■ TASK ■
Return the first line of the listing below and all the lines after it through the one containing "extrude(amount=EXTRUSION1_DEPTH)", exactly, without pictures.

■ DATA ■
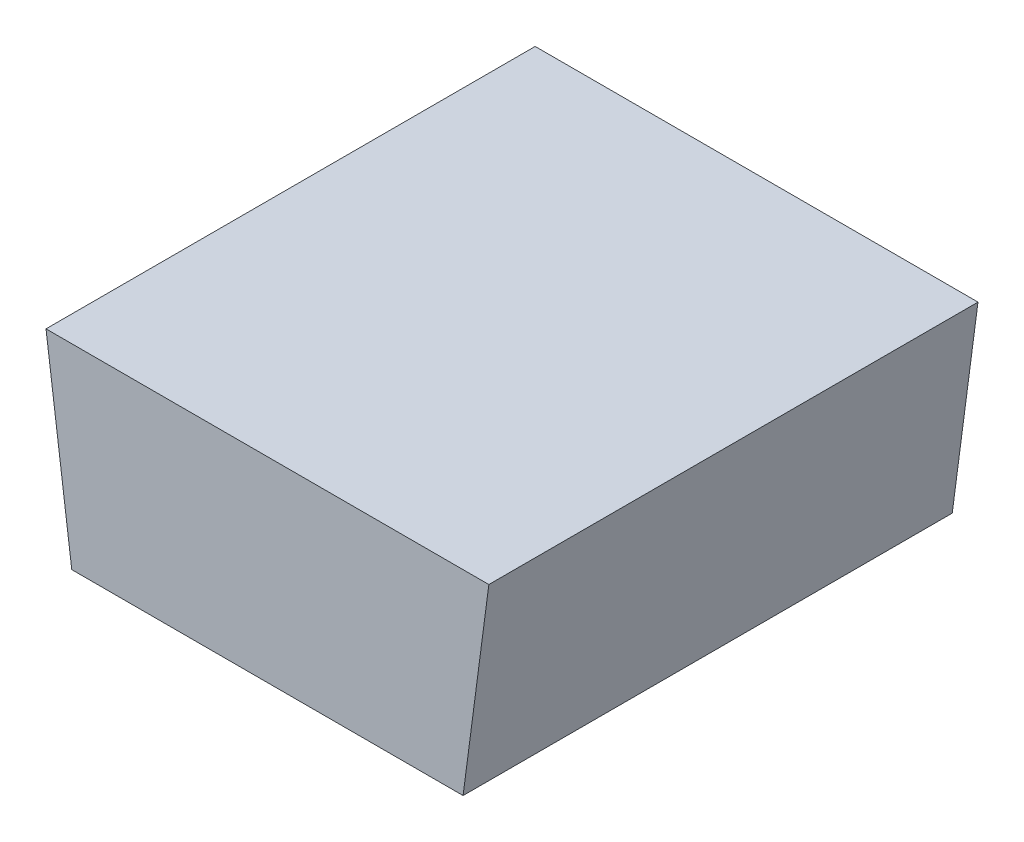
from build123d import *

# Parameters (mm, degrees)
EXTRUSION1_DEPTH = 50


with BuildPart() as part:
    # Esquisse1 → Extrusion1 (new body)
    with BuildSketch(Plane.XY):
        Polygon((-20, 0), (20, 0), (22.633049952, 20), (-22.633049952, 20), align=None)
    extrude(amount=EXTRUSION1_DEPTH)


solid = part.part
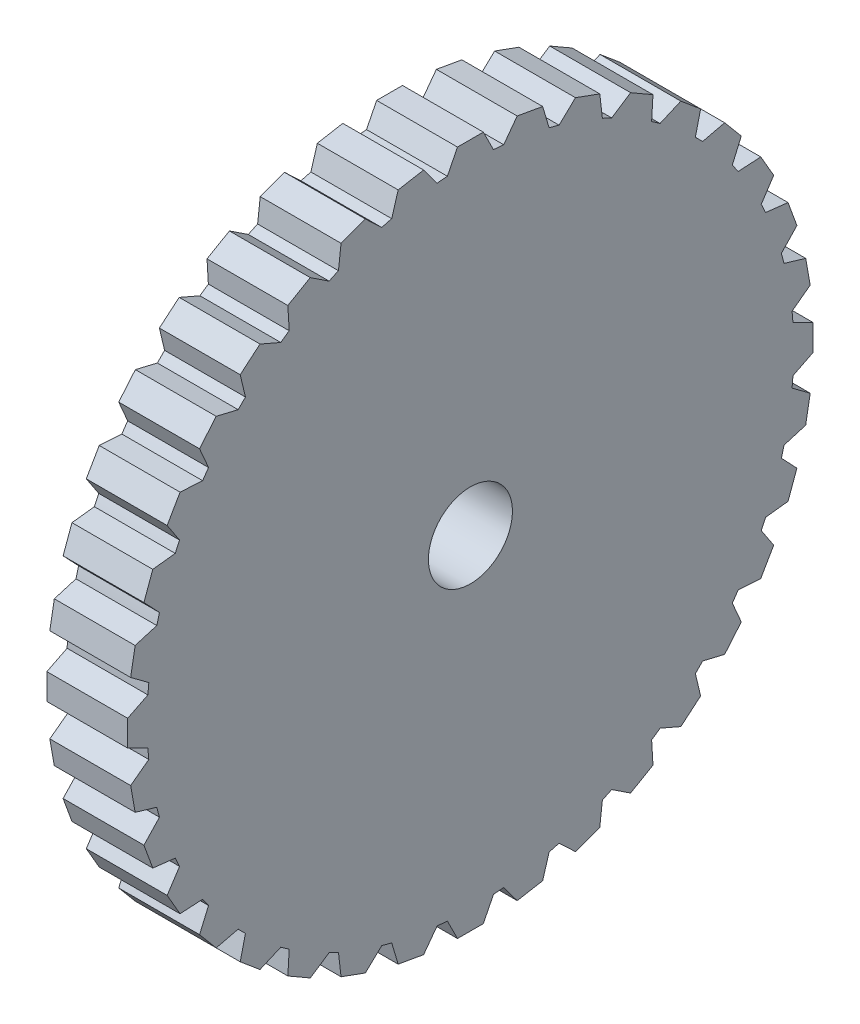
ISO-10303-21;
HEADER;
FILE_DESCRIPTION(('STEP AP214'),'2;1');
FILE_NAME('part.step','',(''),(''),'','','');
FILE_SCHEMA(('AUTOMOTIVE_DESIGN { 1 0 10303 214 1 1 1 1 }'));
ENDSEC;
DATA;
#1=APPLICATION_CONTEXT('core data for automotive mechanical design processes');
#2=APPLICATION_PROTOCOL_DEFINITION('international standard','automotive_design',2000,#1);
#3=PRODUCT_CONTEXT('',#1,'mechanical');
#4=PRODUCT('Part','Part','',(#3));
#5=PRODUCT_RELATED_PRODUCT_CATEGORY('part','',(#4));
#6=PRODUCT_DEFINITION_FORMATION('','',#4);
#7=PRODUCT_DEFINITION_CONTEXT('part definition',#1,'design');
#8=PRODUCT_DEFINITION('design','',#6,#7);
#9=PRODUCT_DEFINITION_SHAPE('','',#8);
#10=(LENGTH_UNIT() NAMED_UNIT(*) SI_UNIT(.MILLI.,.METRE.));
#11=(NAMED_UNIT(*) PLANE_ANGLE_UNIT() SI_UNIT($,.RADIAN.));
#12=(NAMED_UNIT(*) SI_UNIT($,.STERADIAN.) SOLID_ANGLE_UNIT());
#13=UNCERTAINTY_MEASURE_WITH_UNIT(LENGTH_MEASURE(1.E-05),#10,'distance_accuracy_value','');
#14=(GEOMETRIC_REPRESENTATION_CONTEXT(3) GLOBAL_UNCERTAINTY_ASSIGNED_CONTEXT((#13)) GLOBAL_UNIT_ASSIGNED_CONTEXT((#10,
#11,#12)) REPRESENTATION_CONTEXT('',''));
#15=CARTESIAN_POINT('',(0.,0.,0.));
#16=DIRECTION('',(0.,0.,1.));
#17=DIRECTION('',(1.,0.,0.));
#18=AXIS2_PLACEMENT_3D('',#15,#16,#17);
#19=CARTESIAN_POINT('',(3.175,0.,0.));
#20=DIRECTION('',(-1.,0.,0.));
#21=DIRECTION('',(0.,0.,1.));
#22=AXIS2_PLACEMENT_3D('',#19,#20,#21);
#23=CYLINDRICAL_SURFACE('',#22,12.7);
#24=CARTESIAN_POINT('',(0.,0.,0.));
#25=DIRECTION('',(1.,0.,0.));
#26=DIRECTION('',(0.,0.,-1.));
#27=AXIS2_PLACEMENT_3D('',#24,#25,#26);
#28=CIRCLE('',#27,12.7);
#29=CARTESIAN_POINT('',(0.,12.6677032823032,0.905148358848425));
#30=VERTEX_POINT('',#29);
#31=CARTESIAN_POINT('',(0.,12.6324297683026,1.30832646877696));
#32=VERTEX_POINT('',#31);
#33=EDGE_CURVE('E1832',#30,#32,#28,.T.);
#34=ORIENTED_EDGE('',*,*,#33,.T.);
#35=DIRECTION('',(-1.,0.,0.));
#36=VECTOR('',#35,1.);
#37=CARTESIAN_POINT('',(3.175,12.6324297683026,1.30832646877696));
#38=LINE('',#37,#36);
#39=CARTESIAN_POINT('',(3.175,12.6324297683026,1.30832646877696));
#40=VERTEX_POINT('',#39);
#41=EDGE_CURVE('E924',#32,#40,#38,.F.);
#42=ORIENTED_EDGE('',*,*,#41,.T.);
#43=CARTESIAN_POINT('',(3.175,0.,0.));
#44=DIRECTION('',(1.,0.,0.));
#45=DIRECTION('',(0.,0.,-1.));
#46=AXIS2_PLACEMENT_3D('',#43,#44,#45);
#47=CIRCLE('',#46,12.7);
#48=CARTESIAN_POINT('',(3.175,12.6677032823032,0.905148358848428));
#49=VERTEX_POINT('',#48);
#50=EDGE_CURVE('E42',#49,#40,#47,.T.);
#51=ORIENTED_EDGE('',*,*,#50,.F.);
#52=DIRECTION('',(-1.,0.,0.));
#53=VECTOR('',#52,1.);
#54=CARTESIAN_POINT('',(3.175,12.6677032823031,0.905148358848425));
#55=LINE('',#54,#53);
#56=EDGE_CURVE('E1770',#49,#30,#55,.T.);
#57=ORIENTED_EDGE('',*,*,#56,.T.);
#58=EDGE_LOOP('',(#34,#42,#51,#57));
#59=FACE_BOUND('',#58,.T.);
#60=ADVANCED_FACE('F33',(#59),#23,.T.);
#61=CARTESIAN_POINT('',(3.175,12.3180750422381,3.09112071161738));
#62=VERTEX_POINT('',#61);
#63=CARTESIAN_POINT('',(3.175,12.2133262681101,3.48204845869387));
#64=VERTEX_POINT('',#63);
#65=EDGE_CURVE('E43',#62,#64,#47,.T.);
#66=ORIENTED_EDGE('',*,*,#65,.F.);
#67=DIRECTION('',(-1.,0.,0.));
#68=VECTOR('',#67,1.);
#69=CARTESIAN_POINT('',(3.175,12.3180750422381,3.09112071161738));
#70=LINE('',#69,#68);
#71=CARTESIAN_POINT('',(0.,12.3180750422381,3.09112071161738));
#72=VERTEX_POINT('',#71);
#73=EDGE_CURVE('E950',#62,#72,#70,.T.);
#74=ORIENTED_EDGE('',*,*,#73,.T.);
#75=CARTESIAN_POINT('',(0.,12.2133262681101,3.48204845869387));
#76=VERTEX_POINT('',#75);
#77=EDGE_CURVE('E1836',#72,#76,#28,.T.);
#78=ORIENTED_EDGE('',*,*,#77,.T.);
#79=DIRECTION('',(-1.,0.,0.));
#80=VECTOR('',#79,1.);
#81=CARTESIAN_POINT('',(3.175,12.2133262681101,3.48204845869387));
#82=LINE('',#81,#80);
#83=EDGE_CURVE('E975',#76,#64,#82,.F.);
#84=ORIENTED_EDGE('',*,*,#83,.T.);
#85=EDGE_LOOP('',(#66,#74,#78,#84));
#86=FACE_BOUND('',#85,.T.);
#87=ADVANCED_FACE('F2095',(#86),#23,.T.);
#88=CARTESIAN_POINT('',(3.175,11.5941683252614,5.18317092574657));
#89=VERTEX_POINT('',#88);
#90=CARTESIAN_POINT('',(3.175,11.4231270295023,5.5499701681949));
#91=VERTEX_POINT('',#90);
#92=EDGE_CURVE('E1990',#89,#91,#47,.T.);
#93=ORIENTED_EDGE('',*,*,#92,.F.);
#94=DIRECTION('',(-1.,0.,0.));
#95=VECTOR('',#94,1.);
#96=CARTESIAN_POINT('',(3.175,11.5941683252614,5.18317092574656));
#97=LINE('',#96,#95);
#98=CARTESIAN_POINT('',(0.,11.5941683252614,5.18317092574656));
#99=VERTEX_POINT('',#98);
#100=EDGE_CURVE('E970',#89,#99,#97,.T.);
#101=ORIENTED_EDGE('',*,*,#100,.T.);
#102=CARTESIAN_POINT('',(0.,11.4231270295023,5.5499701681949));
#103=VERTEX_POINT('',#102);
#104=EDGE_CURVE('E1838',#99,#103,#28,.T.);
#105=ORIENTED_EDGE('',*,*,#104,.T.);
#106=DIRECTION('',(-1.,0.,0.));
#107=VECTOR('',#106,1.);
#108=CARTESIAN_POINT('',(3.175,11.4231270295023,5.5499701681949));
#109=LINE('',#108,#107);
#110=EDGE_CURVE('E1000',#103,#91,#109,.F.);
#111=ORIENTED_EDGE('',*,*,#110,.T.);
#112=EDGE_LOOP('',(#93,#101,#105,#111));
#113=FACE_BOUND('',#112,.T.);
#114=ADVANCED_FACE('F2099',(#113),#23,.T.);
#115=CARTESIAN_POINT('',(3.175,10.5179786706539,7.11773311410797));
#116=VERTEX_POINT('',#115);
#117=CARTESIAN_POINT('',(3.175,10.2858418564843,7.44925884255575));
#118=VERTEX_POINT('',#117);
#119=EDGE_CURVE('E1993',#116,#118,#47,.T.);
#120=ORIENTED_EDGE('',*,*,#119,.F.);
#121=DIRECTION('',(-1.,0.,0.));
#122=VECTOR('',#121,1.);
#123=CARTESIAN_POINT('',(3.175,10.5179786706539,7.11773311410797));
#124=LINE('',#123,#122);
#125=CARTESIAN_POINT('',(0.,10.5179786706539,7.11773311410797));
#126=VERTEX_POINT('',#125);
#127=EDGE_CURVE('E995',#116,#126,#124,.T.);
#128=ORIENTED_EDGE('',*,*,#127,.T.);
#129=CARTESIAN_POINT('',(0.,10.2858418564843,7.44925884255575));
#130=VERTEX_POINT('',#129);
#131=EDGE_CURVE('E1841',#126,#130,#28,.T.);
#132=ORIENTED_EDGE('',*,*,#131,.T.);
#133=DIRECTION('',(-1.,0.,0.));
#134=VECTOR('',#133,1.);
#135=CARTESIAN_POINT('',(3.175,10.2858418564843,7.44925884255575));
#136=LINE('',#135,#134);
#137=EDGE_CURVE('E1025',#130,#118,#136,.F.);
#138=ORIENTED_EDGE('',*,*,#137,.T.);
#139=EDGE_LOOP('',(#120,#128,#132,#138));
#140=FACE_BOUND('',#139,.T.);
#141=ADVANCED_FACE('F3457',(#140),#23,.T.);
#142=CARTESIAN_POINT('',(3.175,9.1222055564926,8.83602658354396));
#143=VERTEX_POINT('',#142);
#144=CARTESIAN_POINT('',(3.175,8.83602658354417,9.12220555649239));
#145=VERTEX_POINT('',#144);
#146=EDGE_CURVE('E1996',#143,#145,#47,.T.);
#147=ORIENTED_EDGE('',*,*,#146,.F.);
#148=DIRECTION('',(-1.,0.,0.));
#149=VECTOR('',#148,1.);
#150=CARTESIAN_POINT('',(3.175,9.1222055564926,8.83602658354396));
#151=LINE('',#150,#149);
#152=CARTESIAN_POINT('',(0.,9.1222055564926,8.83602658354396));
#153=VERTEX_POINT('',#152);
#154=EDGE_CURVE('E1020',#143,#153,#151,.T.);
#155=ORIENTED_EDGE('',*,*,#154,.T.);
#156=CARTESIAN_POINT('',(0.,8.83602658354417,9.12220555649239));
#157=VERTEX_POINT('',#156);
#158=EDGE_CURVE('E1845',#153,#157,#28,.T.);
#159=ORIENTED_EDGE('',*,*,#158,.T.);
#160=DIRECTION('',(-1.,0.,0.));
#161=VECTOR('',#160,1.);
#162=CARTESIAN_POINT('',(3.175,8.83602658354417,9.12220555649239));
#163=LINE('',#162,#161);
#164=EDGE_CURVE('E1050',#157,#145,#163,.F.);
#165=ORIENTED_EDGE('',*,*,#164,.T.);
#166=EDGE_LOOP('',(#147,#155,#159,#165));
#167=FACE_BOUND('',#166,.T.);
#168=ADVANCED_FACE('F3450',(#167),#23,.T.);
#169=CARTESIAN_POINT('',(3.175,7.44925884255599,10.2858418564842));
#170=VERTEX_POINT('',#169);
#171=CARTESIAN_POINT('',(3.175,7.11773311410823,10.5179786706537));
#172=VERTEX_POINT('',#171);
#173=EDGE_CURVE('E1999',#170,#172,#47,.T.);
#174=ORIENTED_EDGE('',*,*,#173,.F.);
#175=DIRECTION('',(-1.,0.,0.));
#176=VECTOR('',#175,1.);
#177=CARTESIAN_POINT('',(3.175,7.44925884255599,10.2858418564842));
#178=LINE('',#177,#176);
#179=CARTESIAN_POINT('',(0.,7.44925884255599,10.2858418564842));
#180=VERTEX_POINT('',#179);
#181=EDGE_CURVE('E1045',#170,#180,#178,.T.);
#182=ORIENTED_EDGE('',*,*,#181,.T.);
#183=CARTESIAN_POINT('',(0.,7.11773311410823,10.5179786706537));
#184=VERTEX_POINT('',#183);
#185=EDGE_CURVE('E1849',#180,#184,#28,.T.);
#186=ORIENTED_EDGE('',*,*,#185,.T.);
#187=DIRECTION('',(-1.,0.,0.));
#188=VECTOR('',#187,1.);
#189=CARTESIAN_POINT('',(3.175,7.11773311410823,10.5179786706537));
#190=LINE('',#189,#188);
#191=EDGE_CURVE('E1075',#184,#172,#190,.F.);
#192=ORIENTED_EDGE('',*,*,#191,.T.);
#193=EDGE_LOOP('',(#174,#182,#186,#192));
#194=FACE_BOUND('',#193,.T.);
#195=ADVANCED_FACE('F3443',(#194),#23,.T.);
#196=CARTESIAN_POINT('',(3.175,5.54997016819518,11.4231270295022));
#197=VERTEX_POINT('',#196);
#198=CARTESIAN_POINT('',(3.175,5.18317092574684,11.5941683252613));
#199=VERTEX_POINT('',#198);
#200=EDGE_CURVE('E2002',#197,#199,#47,.T.);
#201=ORIENTED_EDGE('',*,*,#200,.F.);
#202=DIRECTION('',(-1.,0.,0.));
#203=VECTOR('',#202,1.);
#204=CARTESIAN_POINT('',(3.175,5.54997016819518,11.4231270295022));
#205=LINE('',#204,#203);
#206=CARTESIAN_POINT('',(0.,5.54997016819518,11.4231270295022));
#207=VERTEX_POINT('',#206);
#208=EDGE_CURVE('E1070',#197,#207,#205,.T.);
#209=ORIENTED_EDGE('',*,*,#208,.T.);
#210=CARTESIAN_POINT('',(0.,5.18317092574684,11.5941683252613));
#211=VERTEX_POINT('',#210);
#212=EDGE_CURVE('E1853',#207,#211,#28,.T.);
#213=ORIENTED_EDGE('',*,*,#212,.T.);
#214=DIRECTION('',(-1.,0.,0.));
#215=VECTOR('',#214,1.);
#216=CARTESIAN_POINT('',(3.175,5.18317092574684,11.5941683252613));
#217=LINE('',#216,#215);
#218=EDGE_CURVE('E1100',#211,#199,#217,.F.);
#219=ORIENTED_EDGE('',*,*,#218,.T.);
#220=EDGE_LOOP('',(#201,#209,#213,#219));
#221=FACE_BOUND('',#220,.T.);
#222=ADVANCED_FACE('F3436',(#221),#23,.T.);
#223=CARTESIAN_POINT('',(3.175,3.48204845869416,12.21332626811));
#224=VERTEX_POINT('',#223);
#225=CARTESIAN_POINT('',(3.175,3.09112071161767,12.3180750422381));
#226=VERTEX_POINT('',#225);
#227=EDGE_CURVE('E2005',#224,#226,#47,.T.);
#228=ORIENTED_EDGE('',*,*,#227,.F.);
#229=DIRECTION('',(-1.,0.,0.));
#230=VECTOR('',#229,1.);
#231=CARTESIAN_POINT('',(3.175,3.48204845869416,12.21332626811));
#232=LINE('',#231,#230);
#233=CARTESIAN_POINT('',(0.,3.48204845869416,12.21332626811));
#234=VERTEX_POINT('',#233);
#235=EDGE_CURVE('E1095',#224,#234,#232,.T.);
#236=ORIENTED_EDGE('',*,*,#235,.T.);
#237=CARTESIAN_POINT('',(0.,3.09112071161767,12.3180750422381));
#238=VERTEX_POINT('',#237);
#239=EDGE_CURVE('E1857',#234,#238,#28,.T.);
#240=ORIENTED_EDGE('',*,*,#239,.T.);
#241=DIRECTION('',(-1.,0.,0.));
#242=VECTOR('',#241,1.);
#243=CARTESIAN_POINT('',(3.175,3.09112071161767,12.3180750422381));
#244=LINE('',#243,#242);
#245=EDGE_CURVE('E1125',#238,#226,#244,.F.);
#246=ORIENTED_EDGE('',*,*,#245,.T.);
#247=EDGE_LOOP('',(#228,#236,#240,#246));
#248=FACE_BOUND('',#247,.T.);
#249=ADVANCED_FACE('F3429',(#248),#23,.T.);
#250=CARTESIAN_POINT('',(3.175,1.30832646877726,12.6324297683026));
#251=VERTEX_POINT('',#250);
#252=CARTESIAN_POINT('',(3.175,0.905148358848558,12.6677032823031));
#253=VERTEX_POINT('',#252);
#254=EDGE_CURVE('E2008',#251,#253,#47,.T.);
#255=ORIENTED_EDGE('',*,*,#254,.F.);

■ OUTPUT OF THE EXERCISE ■
from build123d import *

# Parameters (mm, degrees)
EXTRUSION1_DEPTH = 50


with BuildPart() as part:
    # Esquisse1 → Extrusion1 (new body)
    with BuildSketch(Plane.XY):
        Polygon((-20, 0), (20, 0), (22.633049952, 20), (-22.633049952, 20), align=None)
    extrude(amount=EXTRUSION1_DEPTH)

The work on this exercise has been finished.